• Task directions: Wherever a line in the data below holds "amount", copy that line.

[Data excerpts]
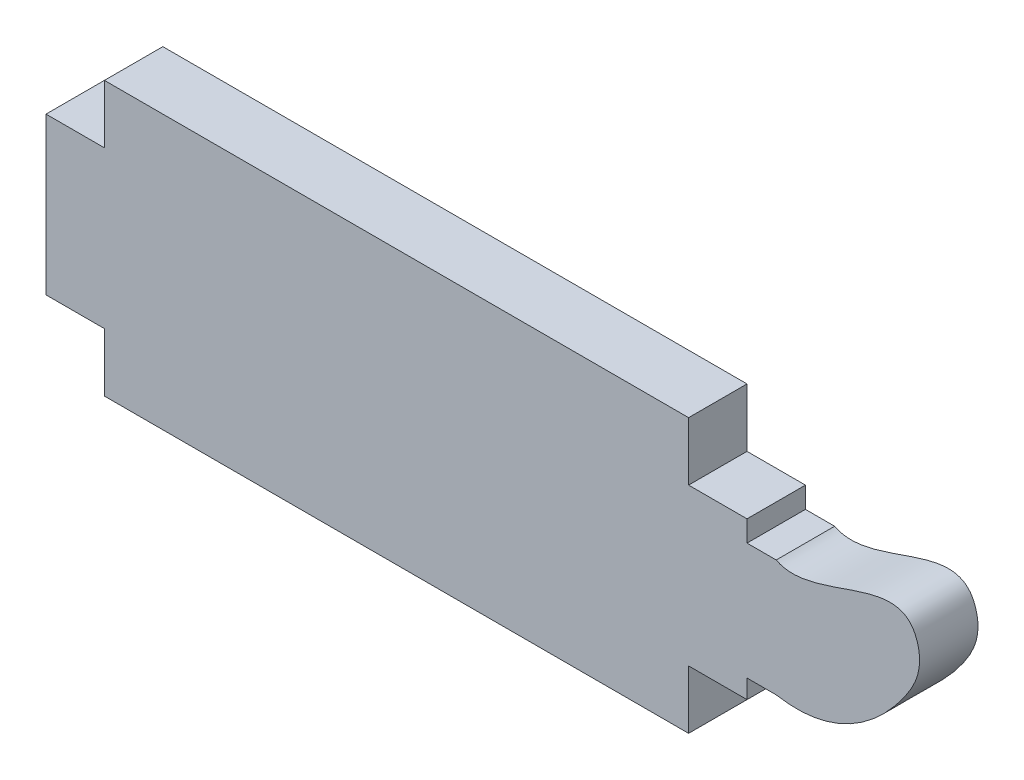
from build123d import *

# Parameters (mm, degrees)
BOSS_EXTRUDE1_DEPTH = 3.175


with BuildPart() as part:
    # Sketch1 → Boss-Extrude1 (new body)
    with BuildSketch(Plane.XY):
        with BuildLine():
            Line((0, 5.639663891), (-31.75, 5.639663891))
            Line((-31.75, 5.639663891), (-31.75, 8.814663891))
            Line((-31.75, 8.814663891), (-34.925, 8.814663891))
            Line((-34.925, 8.814663891), (-34.925, 17.325102195))
            Line((-34.925, 17.325102195), (-31.75, 17.325102195))
            Line((-31.75, 17.325102195), (-31.75, 20.500102195))
            Line((-31.75, 20.500102195), (0, 20.500102195))
            Line((0, 20.500102195), (0, 17.325102195))
            Line((0, 17.325102195), (3.175, 17.325102195))
            Line((3.175, 17.325102195), (3.175, 16.182102195))
            Line((3.175, 16.182102195), (4.7625, 16.182102195))
            add(Edge.make_bspline(
                [(4.7625, 9.832102195), (7.659778086, 9.31714992), (10.728301246, 11.34273023), (12.826116241, 14.945670316), (11.575816546, 19.158870701), (6.71856433, 15.166738189), (4.7625, 16.182102195)],
                knots=[0, 0, 0, 0, 0.407368903, 0.542633112, 0.615483108, 1, 1, 1, 1], degree=3))
            Line((4.7625, 9.832102195), (3.175, 9.832102195))
            Line((3.175, 9.832102195), (3.175, 8.814663891))
            Line((3.175, 8.814663891), (0, 8.814663891))
            Line((0, 8.814663891), (0, 5.639663891))
        make_face()
    extrude(amount=-BOSS_EXTRUDE1_DEPTH)


solid = part.part
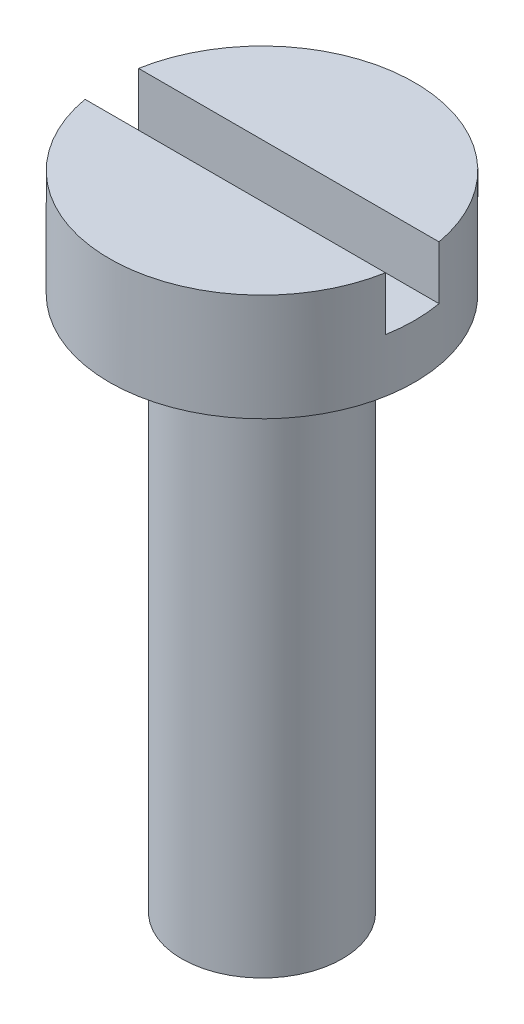
from build123d import *

# Parameters (mm, degrees)
SKETCH1_R           = 2.85
BOSS_EXTRUDE1_DEPTH = 2
SKETCH2_R           = 1.5
BOSS_EXTRUDE2_DEPTH = 10
SKETCH3_W           = 6
SKETCH3_H           = 1
CUT_EXTRUDE1_DEPTH  = 1


with BuildPart() as part:
    # Sketch1 → Boss-Extrude1 (new body)
    with BuildSketch(Plane(origin=(0, 0, 0), x_dir=(1, 0, 0), z_dir=(0, 1, 0))):
        with Locations(Location((0, 0, 0), (0, 0, 270))):
            Circle(SKETCH1_R)
    extrude(amount=BOSS_EXTRUDE1_DEPTH)

    # Sketch2 → Boss-Extrude2 (add)
    with BuildSketch(Plane(origin=(0, 0, 0), x_dir=(1, 0, 0), z_dir=(0, 1, 0))):
        with Locations(Location((0, 0, 0), (0, 0, 270))):
            Circle(SKETCH2_R)
    extrude(amount=-BOSS_EXTRUDE2_DEPTH)

    # Sketch3 → Cut-Extrude1 (cut)
    with BuildSketch(Plane(origin=(0, 2, 0), x_dir=(1, 0, 0), z_dir=(0, 1, 0))):
        Rectangle(SKETCH3_W, SKETCH3_H)
    extrude(amount=-CUT_EXTRUDE1_DEPTH, mode=Mode.SUBTRACT)


solid = part.part
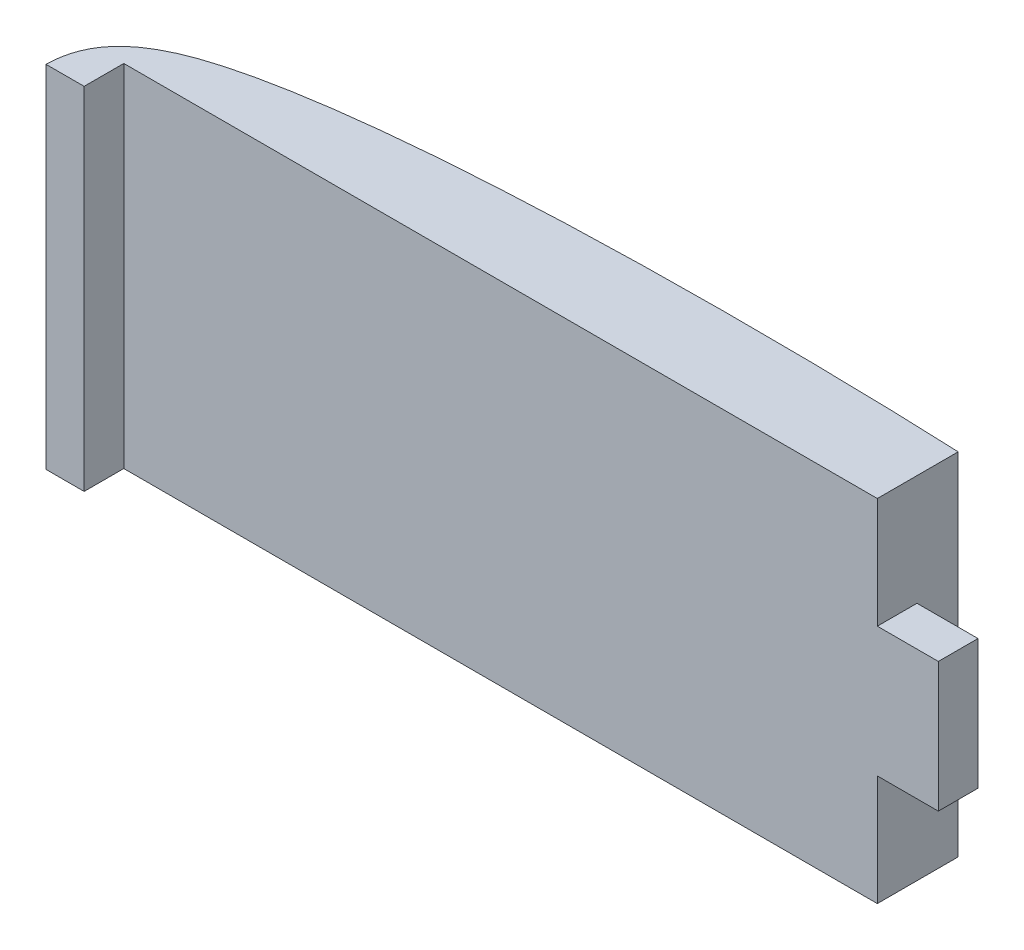
from build123d import *

# Parameters (mm, degrees)
EXTRUDE_1_DEPTH = 23
SKETCH_2_W      = 2.6
SKETCH_2_H      = 8.5
EXTRUDE_2_DEPTH = 4


with BuildPart() as part:
    # Эскиз1 → Бобышка-Вытянуть1 (new body)
    with BuildSketch(Plane(origin=(0, 0, 0), x_dir=(1, 0, 0), z_dir=(0, 1, 0))):
        with BuildLine():
            Line((0, 0), (0, 5.3))
            add(Edge.make_bspline(
                [(0, 5.3), (-7.993874465, 5.66903911), (-41.573220026, 6.372565792), (-51.847847743, 0.984637076), (-51.9, -2.6)],
                knots=[0, 0, 0, 0, 0.717430519, 1, 1, 1, 1], degree=3))
            Line((-51.9, -2.6), (-49.4, -2.6))
            Line((-49.4, -2.6), (-49.4, 0))
            Line((-49.4, 0), (0, 0))
        make_face()
    extrude(amount=EXTRUDE_1_DEPTH)

    # Эскиз2 → Бобышка-Вытянуть2 (add)
    with BuildSketch(Plane(origin=(0, 0, 0), x_dir=(0, 0, -1), z_dir=(1, 0, 0))):
        with Locations((1.3, 11.5)):
            Rectangle(SKETCH_2_W, SKETCH_2_H)
    extrude(amount=EXTRUDE_2_DEPTH)


solid = part.part
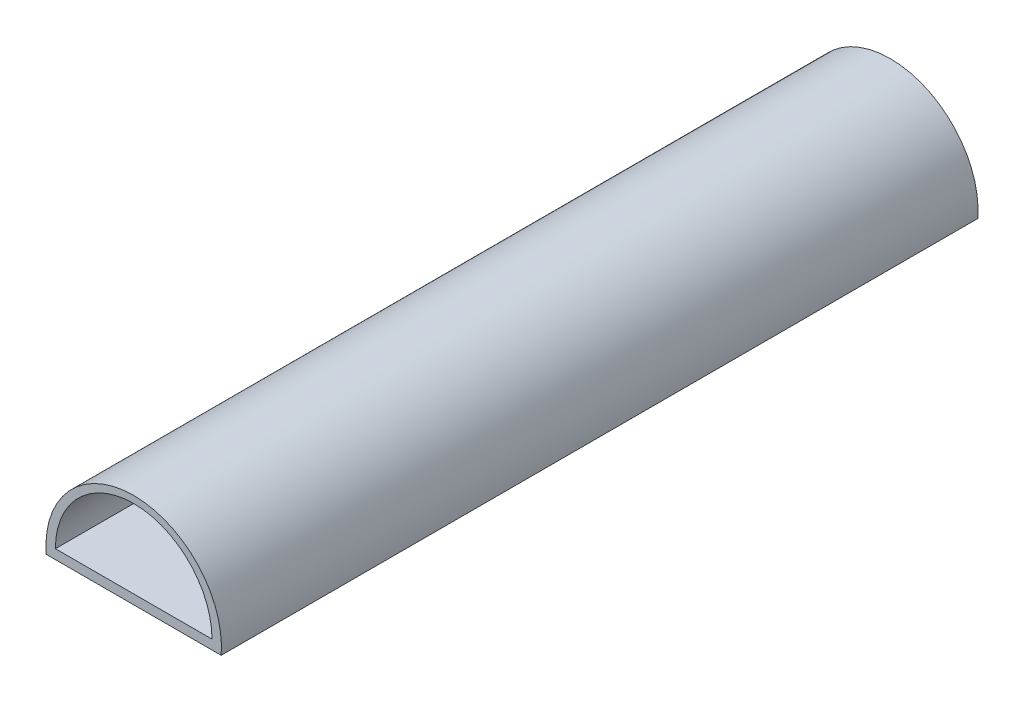
from build123d import *

# Parameters (mm, degrees)
BOSS_EXTRUDE2_DEPTH = 127


with BuildPart() as part:
    # Sketch1 → Boss-Extrude2 (new body)
    with BuildSketch(Plane.XY):
        with BuildLine():
            Line((-23.111377793, -10.048425127), (6.257372207, -10.048425127))
            ThreePointArc((6.257372207, -10.048425127), (-8.427002793, 5.85418124), (-23.111377793, -10.048425127))
        make_face()
        with BuildLine():
            Line((-8.427002793, -8.460925127), (-21.571502793, -8.460925127))
            ThreePointArc((-21.571502793, -8.460925127), (-8.427002793, 4.683574873), (4.717497207, -8.460925127))
            Line((4.717497207, -8.460925127), (-8.427002793, -8.460925127))
        make_face(mode=Mode.SUBTRACT)
    extrude(amount=BOSS_EXTRUDE2_DEPTH)


solid = part.part
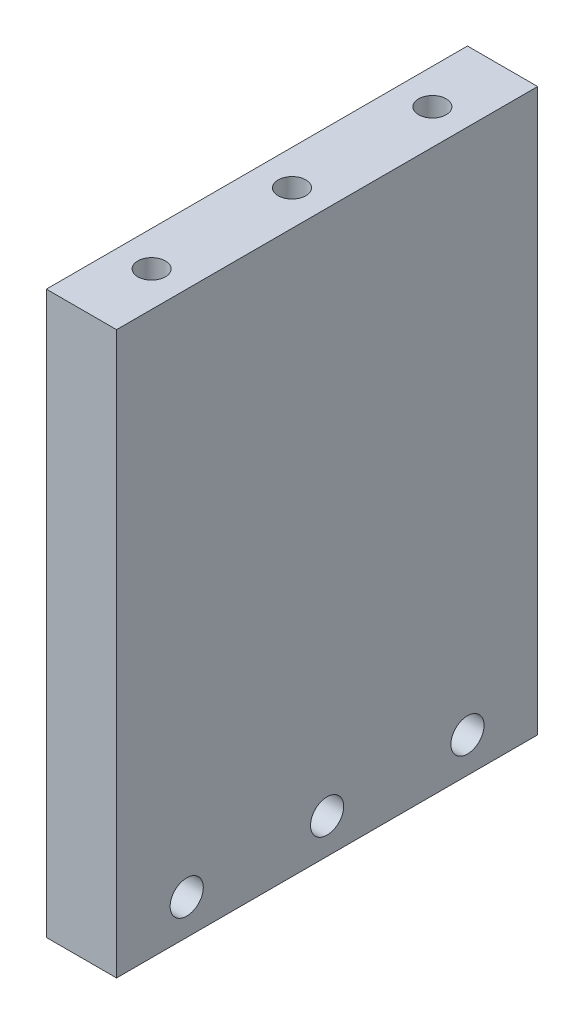
from build123d import *

# Parameters (mm, degrees)
SKETCH1_W           = 6.35
SKETCH1_H           = 50.8
BOSS_EXTRUDE1_DEPTH = 38.1
CUT_EXTRUDE1_DEPTH  = 6.35
CUT_EXTRUDE2_DEPTH  = 6.35


with BuildPart() as part:
    # Sketch1 → Boss-Extrude1 (new body)
    with BuildSketch(Plane.XY):
        with Locations((3.175, 25.4)):
            Rectangle(SKETCH1_W, SKETCH1_H)
    extrude(amount=BOSS_EXTRUDE1_DEPTH)

    # Sketch2 → Cut-Extrude1 (cut)
    with BuildSketch(Plane(origin=(6.35, 0, 0), x_dir=(0, 0, -1), z_dir=(1, 0, 0))):
        with BuildLine():
            ThreePointArc((-7.85, 3.175), (-6.35, 1.675), (-4.85, 3.175))
            Line((-4.85, 3.175), (-6.35, 3.175))
            Line((-6.35, 3.175), (-7.85, 3.175))
        make_face()
        with BuildLine():
            Line((-6.35, 3.175), (-4.85, 3.175))
            ThreePointArc((-4.85, 3.175), (-6.35, 4.675), (-7.85, 3.175))
            Line((-7.85, 3.175), (-6.35, 3.175))
        make_face()
        with BuildLine():
            ThreePointArc((-17.55, 3.175), (-19.05, 4.675), (-20.55, 3.175))
            Line((-20.55, 3.175), (-17.55, 3.175))
        make_face()
        with BuildLine():
            Line((-17.55, 3.175), (-20.55, 3.175))
            ThreePointArc((-20.55, 3.175), (-19.05, 1.675), (-17.55, 3.175))
        make_face()
        with BuildLine():
            ThreePointArc((-30.25, 3.175), (-31.75, 4.675), (-33.25, 3.175))
            Line((-33.25, 3.175), (-31.75, 3.175))
            Line((-31.75, 3.175), (-30.25, 3.175))
        make_face()
        with BuildLine():
            Line((-31.75, 3.175), (-33.25, 3.175))
            ThreePointArc((-33.25, 3.175), (-31.75, 1.675), (-30.25, 3.175))
            Line((-30.25, 3.175), (-31.75, 3.175))
        make_face()
    extrude(amount=-CUT_EXTRUDE1_DEPTH, mode=Mode.SUBTRACT)

    # Sketch3 → Cut-Extrude2 (cut)
    with BuildSketch(Plane(origin=(0, 50.8, 0), x_dir=(1, 0, 0), z_dir=(0, 1, 0))):
        with BuildLine():
            ThreePointArc((4.425, -6.35), (4.058883476, -5.466116524), (3.175, -5.1))
            Line((3.175, -5.1), (3.175, -6.35))
            Line((3.175, -6.35), (3.175, -7.6))
            ThreePointArc((3.175, -7.6), (4.058883476, -7.233883476), (4.425, -6.35))
        make_face()
        with BuildLine():
            Line((3.175, -6.35), (3.175, -5.1))
            ThreePointArc((3.175, -5.1), (1.925, -6.35), (3.175, -7.6))
            Line((3.175, -7.6), (3.175, -6.35))
        make_face()
        with BuildLine():
            ThreePointArc((4.425, -19.05), (4.058883476, -18.166116524), (3.175, -17.8))
            Line((3.175, -17.8), (3.175, -20.3))
            ThreePointArc((3.175, -20.3), (4.058883476, -19.933883476), (4.425, -19.05))
        make_face()
        with BuildLine():
            Line((3.175, -20.3), (3.175, -17.8))
            ThreePointArc((3.175, -17.8), (1.925, -19.05), (3.175, -20.3))
        make_face()
        with BuildLine():
            ThreePointArc((3.175, -30.5), (1.925, -31.75), (3.175, -33))
            Line((3.175, -33), (3.175, -31.75))
            Line((3.175, -31.75), (3.175, -30.5))
        make_face()
        with BuildLine():
            Line((3.175, -31.75), (3.175, -33))
            ThreePointArc((3.175, -33), (4.058883476, -32.633883476), (4.425, -31.75))
            ThreePointArc((4.425, -31.75), (4.058883476, -30.866116524), (3.175, -30.5))
            Line((3.175, -30.5), (3.175, -31.75))
        make_face()
    extrude(amount=-CUT_EXTRUDE2_DEPTH, mode=Mode.SUBTRACT)


solid = part.part

• Exercise answer:
    extrude(amount=-BOSS_EXTRUDE1_DEPTH)
    extrude(amount=BOSS_EXTRUDE1_DEPTH)
    extrude(amount=-BOSS_EXTRUDE2_DEPTH)
    extrude(amount=-CUT_EXTRUDE1_DEPTH, mode=Mode.SUBTRACT)
    extrude(amount=EXTRUDE_1_DEPTH)
    extrude(amount=EXTRUDE_2_DEPTH)
    extrude(amount=BOSS_EXTRUDE2_DEPTH)
    extrude(amount=BOSS_EXTRUDE1_DEPTH)
    extrude(amount=-CUT_EXTRUDE1_DEPTH, mode=Mode.SUBTRACT)
    extrude(amount=-CUT_EXTRUDE2_DEPTH, mode=Mode.SUBTRACT)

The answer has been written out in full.